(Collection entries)
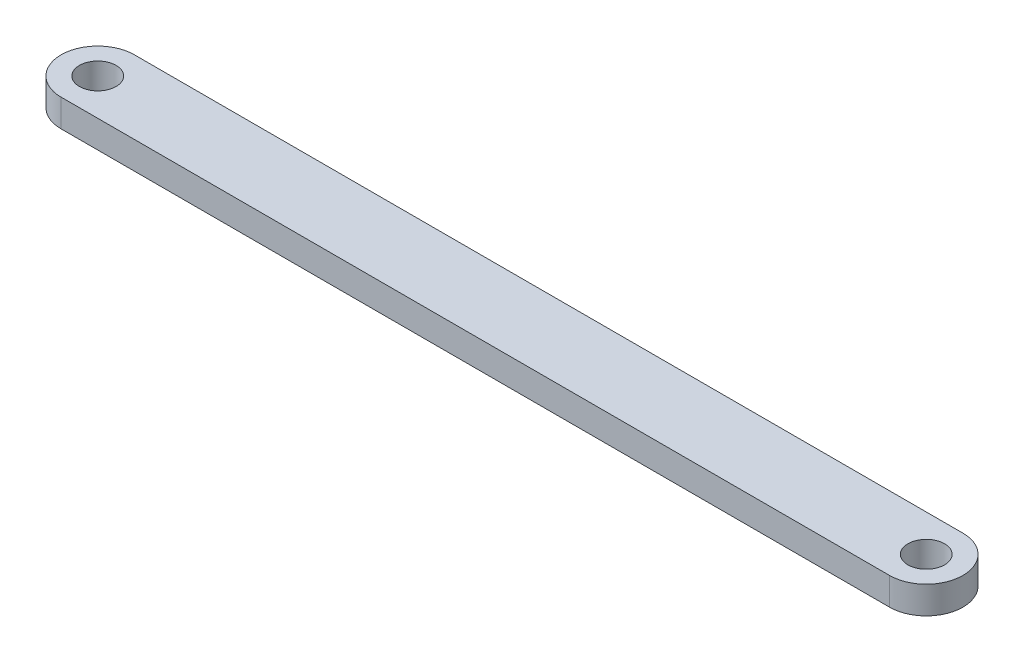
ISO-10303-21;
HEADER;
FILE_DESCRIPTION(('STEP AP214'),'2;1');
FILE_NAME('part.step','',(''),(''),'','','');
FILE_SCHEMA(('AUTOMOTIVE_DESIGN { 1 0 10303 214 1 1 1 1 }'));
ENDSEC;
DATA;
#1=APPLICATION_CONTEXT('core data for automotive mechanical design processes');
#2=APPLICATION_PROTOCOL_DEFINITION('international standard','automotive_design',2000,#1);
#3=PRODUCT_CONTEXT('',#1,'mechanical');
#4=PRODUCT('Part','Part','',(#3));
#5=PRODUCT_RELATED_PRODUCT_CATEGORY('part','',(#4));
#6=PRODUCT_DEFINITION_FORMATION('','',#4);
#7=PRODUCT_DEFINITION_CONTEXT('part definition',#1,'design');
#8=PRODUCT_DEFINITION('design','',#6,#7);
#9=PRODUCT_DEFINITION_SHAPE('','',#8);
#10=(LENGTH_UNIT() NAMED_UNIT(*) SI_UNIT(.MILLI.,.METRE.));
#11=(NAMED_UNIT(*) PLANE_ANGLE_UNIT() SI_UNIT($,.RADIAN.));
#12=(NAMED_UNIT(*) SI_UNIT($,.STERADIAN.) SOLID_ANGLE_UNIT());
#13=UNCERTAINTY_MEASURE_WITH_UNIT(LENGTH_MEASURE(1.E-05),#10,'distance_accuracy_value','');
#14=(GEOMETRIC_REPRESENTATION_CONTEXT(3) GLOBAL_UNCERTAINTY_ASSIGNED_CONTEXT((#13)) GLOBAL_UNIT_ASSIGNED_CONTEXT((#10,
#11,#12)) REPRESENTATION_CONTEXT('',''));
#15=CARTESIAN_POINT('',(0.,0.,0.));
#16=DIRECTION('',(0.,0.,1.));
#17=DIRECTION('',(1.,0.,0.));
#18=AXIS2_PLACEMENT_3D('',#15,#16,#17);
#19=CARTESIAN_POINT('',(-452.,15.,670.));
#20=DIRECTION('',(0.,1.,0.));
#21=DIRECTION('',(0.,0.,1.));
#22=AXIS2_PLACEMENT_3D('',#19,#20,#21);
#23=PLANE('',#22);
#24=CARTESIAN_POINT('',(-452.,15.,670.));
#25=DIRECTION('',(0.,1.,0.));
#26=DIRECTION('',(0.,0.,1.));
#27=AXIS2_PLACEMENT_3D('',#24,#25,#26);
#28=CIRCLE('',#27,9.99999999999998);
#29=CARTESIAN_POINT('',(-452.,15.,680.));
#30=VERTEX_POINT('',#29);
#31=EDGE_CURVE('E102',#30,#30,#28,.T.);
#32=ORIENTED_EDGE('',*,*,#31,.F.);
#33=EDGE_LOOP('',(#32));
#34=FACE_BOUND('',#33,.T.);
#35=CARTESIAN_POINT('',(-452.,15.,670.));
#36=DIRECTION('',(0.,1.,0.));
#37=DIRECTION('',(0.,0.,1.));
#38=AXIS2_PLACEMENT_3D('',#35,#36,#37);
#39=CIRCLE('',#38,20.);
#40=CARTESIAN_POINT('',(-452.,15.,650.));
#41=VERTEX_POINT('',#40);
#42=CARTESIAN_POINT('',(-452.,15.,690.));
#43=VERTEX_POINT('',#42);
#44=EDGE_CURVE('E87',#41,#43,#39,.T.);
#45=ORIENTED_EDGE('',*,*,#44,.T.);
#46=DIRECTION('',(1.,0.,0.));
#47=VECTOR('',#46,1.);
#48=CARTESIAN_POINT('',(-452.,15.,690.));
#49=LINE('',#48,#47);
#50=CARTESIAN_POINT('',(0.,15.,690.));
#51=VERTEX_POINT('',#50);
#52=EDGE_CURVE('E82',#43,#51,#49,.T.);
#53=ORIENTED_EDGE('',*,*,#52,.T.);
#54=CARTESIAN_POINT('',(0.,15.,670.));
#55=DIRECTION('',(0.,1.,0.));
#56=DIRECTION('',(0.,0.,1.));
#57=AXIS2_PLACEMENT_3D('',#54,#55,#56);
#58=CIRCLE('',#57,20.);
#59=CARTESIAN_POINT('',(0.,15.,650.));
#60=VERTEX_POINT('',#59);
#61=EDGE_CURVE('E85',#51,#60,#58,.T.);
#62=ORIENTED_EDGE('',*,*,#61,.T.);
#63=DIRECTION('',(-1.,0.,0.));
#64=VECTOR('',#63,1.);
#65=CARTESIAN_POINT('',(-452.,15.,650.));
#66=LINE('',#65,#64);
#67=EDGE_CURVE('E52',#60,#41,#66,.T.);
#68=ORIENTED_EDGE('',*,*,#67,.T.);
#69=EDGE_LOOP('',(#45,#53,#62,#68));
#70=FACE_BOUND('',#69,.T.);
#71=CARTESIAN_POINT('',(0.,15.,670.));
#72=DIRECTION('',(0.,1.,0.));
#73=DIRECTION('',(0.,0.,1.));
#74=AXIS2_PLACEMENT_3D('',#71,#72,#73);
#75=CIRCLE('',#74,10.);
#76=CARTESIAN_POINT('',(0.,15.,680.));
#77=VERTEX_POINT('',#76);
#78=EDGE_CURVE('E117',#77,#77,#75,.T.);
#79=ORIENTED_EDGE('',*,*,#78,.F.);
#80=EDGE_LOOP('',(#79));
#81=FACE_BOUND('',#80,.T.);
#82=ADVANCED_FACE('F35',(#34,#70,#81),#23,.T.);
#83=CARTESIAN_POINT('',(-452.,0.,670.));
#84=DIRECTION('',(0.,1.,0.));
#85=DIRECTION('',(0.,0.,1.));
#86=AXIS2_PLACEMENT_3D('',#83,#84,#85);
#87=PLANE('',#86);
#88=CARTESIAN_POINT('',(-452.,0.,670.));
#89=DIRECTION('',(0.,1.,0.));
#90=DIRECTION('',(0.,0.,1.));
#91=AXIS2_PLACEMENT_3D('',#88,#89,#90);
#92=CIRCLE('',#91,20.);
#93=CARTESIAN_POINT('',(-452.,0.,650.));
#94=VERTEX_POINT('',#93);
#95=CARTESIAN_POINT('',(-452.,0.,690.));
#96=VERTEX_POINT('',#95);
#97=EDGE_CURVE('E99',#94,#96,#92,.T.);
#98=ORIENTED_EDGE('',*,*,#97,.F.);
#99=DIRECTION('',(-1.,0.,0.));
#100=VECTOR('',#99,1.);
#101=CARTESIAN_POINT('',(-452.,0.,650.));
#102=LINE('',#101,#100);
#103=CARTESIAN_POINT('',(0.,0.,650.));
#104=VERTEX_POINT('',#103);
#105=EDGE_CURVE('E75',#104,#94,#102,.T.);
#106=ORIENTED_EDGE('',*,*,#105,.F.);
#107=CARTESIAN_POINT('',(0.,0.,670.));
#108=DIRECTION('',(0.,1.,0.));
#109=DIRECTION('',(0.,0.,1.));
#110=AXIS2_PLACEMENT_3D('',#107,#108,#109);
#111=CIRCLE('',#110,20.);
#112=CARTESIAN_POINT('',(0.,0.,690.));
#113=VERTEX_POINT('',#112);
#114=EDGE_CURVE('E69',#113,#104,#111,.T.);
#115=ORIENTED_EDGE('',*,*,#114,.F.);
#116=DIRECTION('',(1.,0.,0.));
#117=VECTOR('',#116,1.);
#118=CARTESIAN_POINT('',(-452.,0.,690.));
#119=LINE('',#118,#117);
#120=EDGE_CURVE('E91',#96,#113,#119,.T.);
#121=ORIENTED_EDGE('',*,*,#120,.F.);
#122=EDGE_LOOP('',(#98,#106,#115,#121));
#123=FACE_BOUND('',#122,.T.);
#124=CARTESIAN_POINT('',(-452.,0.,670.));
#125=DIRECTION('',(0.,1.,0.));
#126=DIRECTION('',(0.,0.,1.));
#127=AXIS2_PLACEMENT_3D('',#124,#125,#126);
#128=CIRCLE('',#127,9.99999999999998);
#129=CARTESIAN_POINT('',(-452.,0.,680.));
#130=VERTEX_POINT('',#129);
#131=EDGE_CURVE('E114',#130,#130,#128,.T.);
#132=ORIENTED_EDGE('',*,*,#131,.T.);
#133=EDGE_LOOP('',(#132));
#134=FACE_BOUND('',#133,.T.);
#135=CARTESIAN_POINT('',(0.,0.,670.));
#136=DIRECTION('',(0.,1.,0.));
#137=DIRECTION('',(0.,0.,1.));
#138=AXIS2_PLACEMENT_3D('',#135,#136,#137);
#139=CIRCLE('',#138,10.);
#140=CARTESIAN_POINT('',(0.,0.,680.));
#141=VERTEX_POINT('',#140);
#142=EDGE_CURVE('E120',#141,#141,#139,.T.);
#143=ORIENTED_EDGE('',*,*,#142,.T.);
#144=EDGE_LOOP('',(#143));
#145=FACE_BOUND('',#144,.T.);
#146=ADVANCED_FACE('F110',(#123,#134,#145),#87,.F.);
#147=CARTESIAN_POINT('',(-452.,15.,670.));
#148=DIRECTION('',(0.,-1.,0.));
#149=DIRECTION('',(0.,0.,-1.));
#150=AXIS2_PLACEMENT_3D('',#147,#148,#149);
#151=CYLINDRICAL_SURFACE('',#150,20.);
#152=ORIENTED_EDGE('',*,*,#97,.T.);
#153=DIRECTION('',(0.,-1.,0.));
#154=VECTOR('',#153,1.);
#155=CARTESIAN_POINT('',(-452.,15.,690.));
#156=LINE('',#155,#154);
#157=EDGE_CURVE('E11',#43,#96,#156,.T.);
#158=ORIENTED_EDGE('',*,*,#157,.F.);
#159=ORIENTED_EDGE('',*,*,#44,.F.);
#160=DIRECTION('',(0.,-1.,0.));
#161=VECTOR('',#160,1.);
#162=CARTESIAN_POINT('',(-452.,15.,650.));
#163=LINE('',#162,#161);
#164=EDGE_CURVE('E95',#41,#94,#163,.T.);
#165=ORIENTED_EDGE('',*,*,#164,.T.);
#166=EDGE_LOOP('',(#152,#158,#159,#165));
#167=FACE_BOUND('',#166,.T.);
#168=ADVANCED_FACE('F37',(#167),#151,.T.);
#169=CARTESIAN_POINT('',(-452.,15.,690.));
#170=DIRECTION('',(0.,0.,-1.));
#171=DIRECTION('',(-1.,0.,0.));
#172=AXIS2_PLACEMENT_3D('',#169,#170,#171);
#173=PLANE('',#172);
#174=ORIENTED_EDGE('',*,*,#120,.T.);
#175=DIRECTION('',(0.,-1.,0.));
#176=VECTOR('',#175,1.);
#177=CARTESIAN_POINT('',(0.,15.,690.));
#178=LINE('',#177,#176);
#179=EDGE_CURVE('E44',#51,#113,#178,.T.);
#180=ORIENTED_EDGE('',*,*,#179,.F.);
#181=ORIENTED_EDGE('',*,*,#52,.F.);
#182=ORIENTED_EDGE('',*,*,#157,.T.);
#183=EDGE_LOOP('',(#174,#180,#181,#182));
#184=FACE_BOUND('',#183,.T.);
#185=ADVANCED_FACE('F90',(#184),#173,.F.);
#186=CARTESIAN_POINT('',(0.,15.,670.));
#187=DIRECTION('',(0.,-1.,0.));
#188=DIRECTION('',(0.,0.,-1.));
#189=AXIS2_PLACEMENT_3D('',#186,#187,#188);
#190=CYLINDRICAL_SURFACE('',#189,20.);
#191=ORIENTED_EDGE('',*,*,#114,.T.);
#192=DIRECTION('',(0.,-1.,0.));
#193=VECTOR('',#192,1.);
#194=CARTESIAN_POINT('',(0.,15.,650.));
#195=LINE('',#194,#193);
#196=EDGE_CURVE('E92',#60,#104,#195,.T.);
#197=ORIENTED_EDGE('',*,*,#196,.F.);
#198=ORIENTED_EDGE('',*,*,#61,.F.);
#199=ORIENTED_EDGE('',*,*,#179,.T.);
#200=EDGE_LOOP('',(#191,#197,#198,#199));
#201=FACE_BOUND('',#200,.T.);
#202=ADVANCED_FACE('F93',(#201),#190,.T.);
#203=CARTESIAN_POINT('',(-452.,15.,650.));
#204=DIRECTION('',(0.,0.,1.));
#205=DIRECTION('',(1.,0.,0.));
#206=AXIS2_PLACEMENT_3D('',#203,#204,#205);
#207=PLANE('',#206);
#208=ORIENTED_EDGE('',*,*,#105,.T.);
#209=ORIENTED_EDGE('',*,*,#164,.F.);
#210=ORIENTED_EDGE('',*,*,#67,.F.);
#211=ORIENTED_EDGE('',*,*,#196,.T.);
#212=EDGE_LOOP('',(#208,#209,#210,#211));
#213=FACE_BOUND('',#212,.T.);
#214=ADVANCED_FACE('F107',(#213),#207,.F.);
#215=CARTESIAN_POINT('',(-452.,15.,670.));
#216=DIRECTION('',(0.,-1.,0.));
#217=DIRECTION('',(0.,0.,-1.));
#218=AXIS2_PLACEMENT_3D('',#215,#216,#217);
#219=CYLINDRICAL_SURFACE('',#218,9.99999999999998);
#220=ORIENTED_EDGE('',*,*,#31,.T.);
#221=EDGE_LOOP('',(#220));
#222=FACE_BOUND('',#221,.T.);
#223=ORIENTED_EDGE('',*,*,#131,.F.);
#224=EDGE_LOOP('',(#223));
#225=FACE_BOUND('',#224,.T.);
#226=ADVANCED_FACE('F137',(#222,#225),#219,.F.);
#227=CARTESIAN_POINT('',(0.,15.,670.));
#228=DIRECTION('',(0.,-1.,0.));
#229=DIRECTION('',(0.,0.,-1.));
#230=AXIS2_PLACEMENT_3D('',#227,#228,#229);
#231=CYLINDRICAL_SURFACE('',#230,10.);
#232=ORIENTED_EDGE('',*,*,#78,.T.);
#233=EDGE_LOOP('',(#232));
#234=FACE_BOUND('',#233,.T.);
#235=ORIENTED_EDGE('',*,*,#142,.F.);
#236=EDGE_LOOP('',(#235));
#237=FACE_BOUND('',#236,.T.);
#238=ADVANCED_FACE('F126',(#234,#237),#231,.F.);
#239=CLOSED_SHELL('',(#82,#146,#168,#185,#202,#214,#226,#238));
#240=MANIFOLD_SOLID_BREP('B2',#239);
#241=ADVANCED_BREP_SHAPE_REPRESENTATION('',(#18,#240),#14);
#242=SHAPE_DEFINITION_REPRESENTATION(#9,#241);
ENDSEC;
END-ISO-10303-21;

__EXERCISE OBJECTIVE__
Could you return every line from the entries above in which the string "mechanical" occurs?

__SOLUTION FOR THIS PROBLEM__
#1=APPLICATION_CONTEXT('core data for automotive mechanical design processes');
#3=PRODUCT_CONTEXT('',#1,'mechanical');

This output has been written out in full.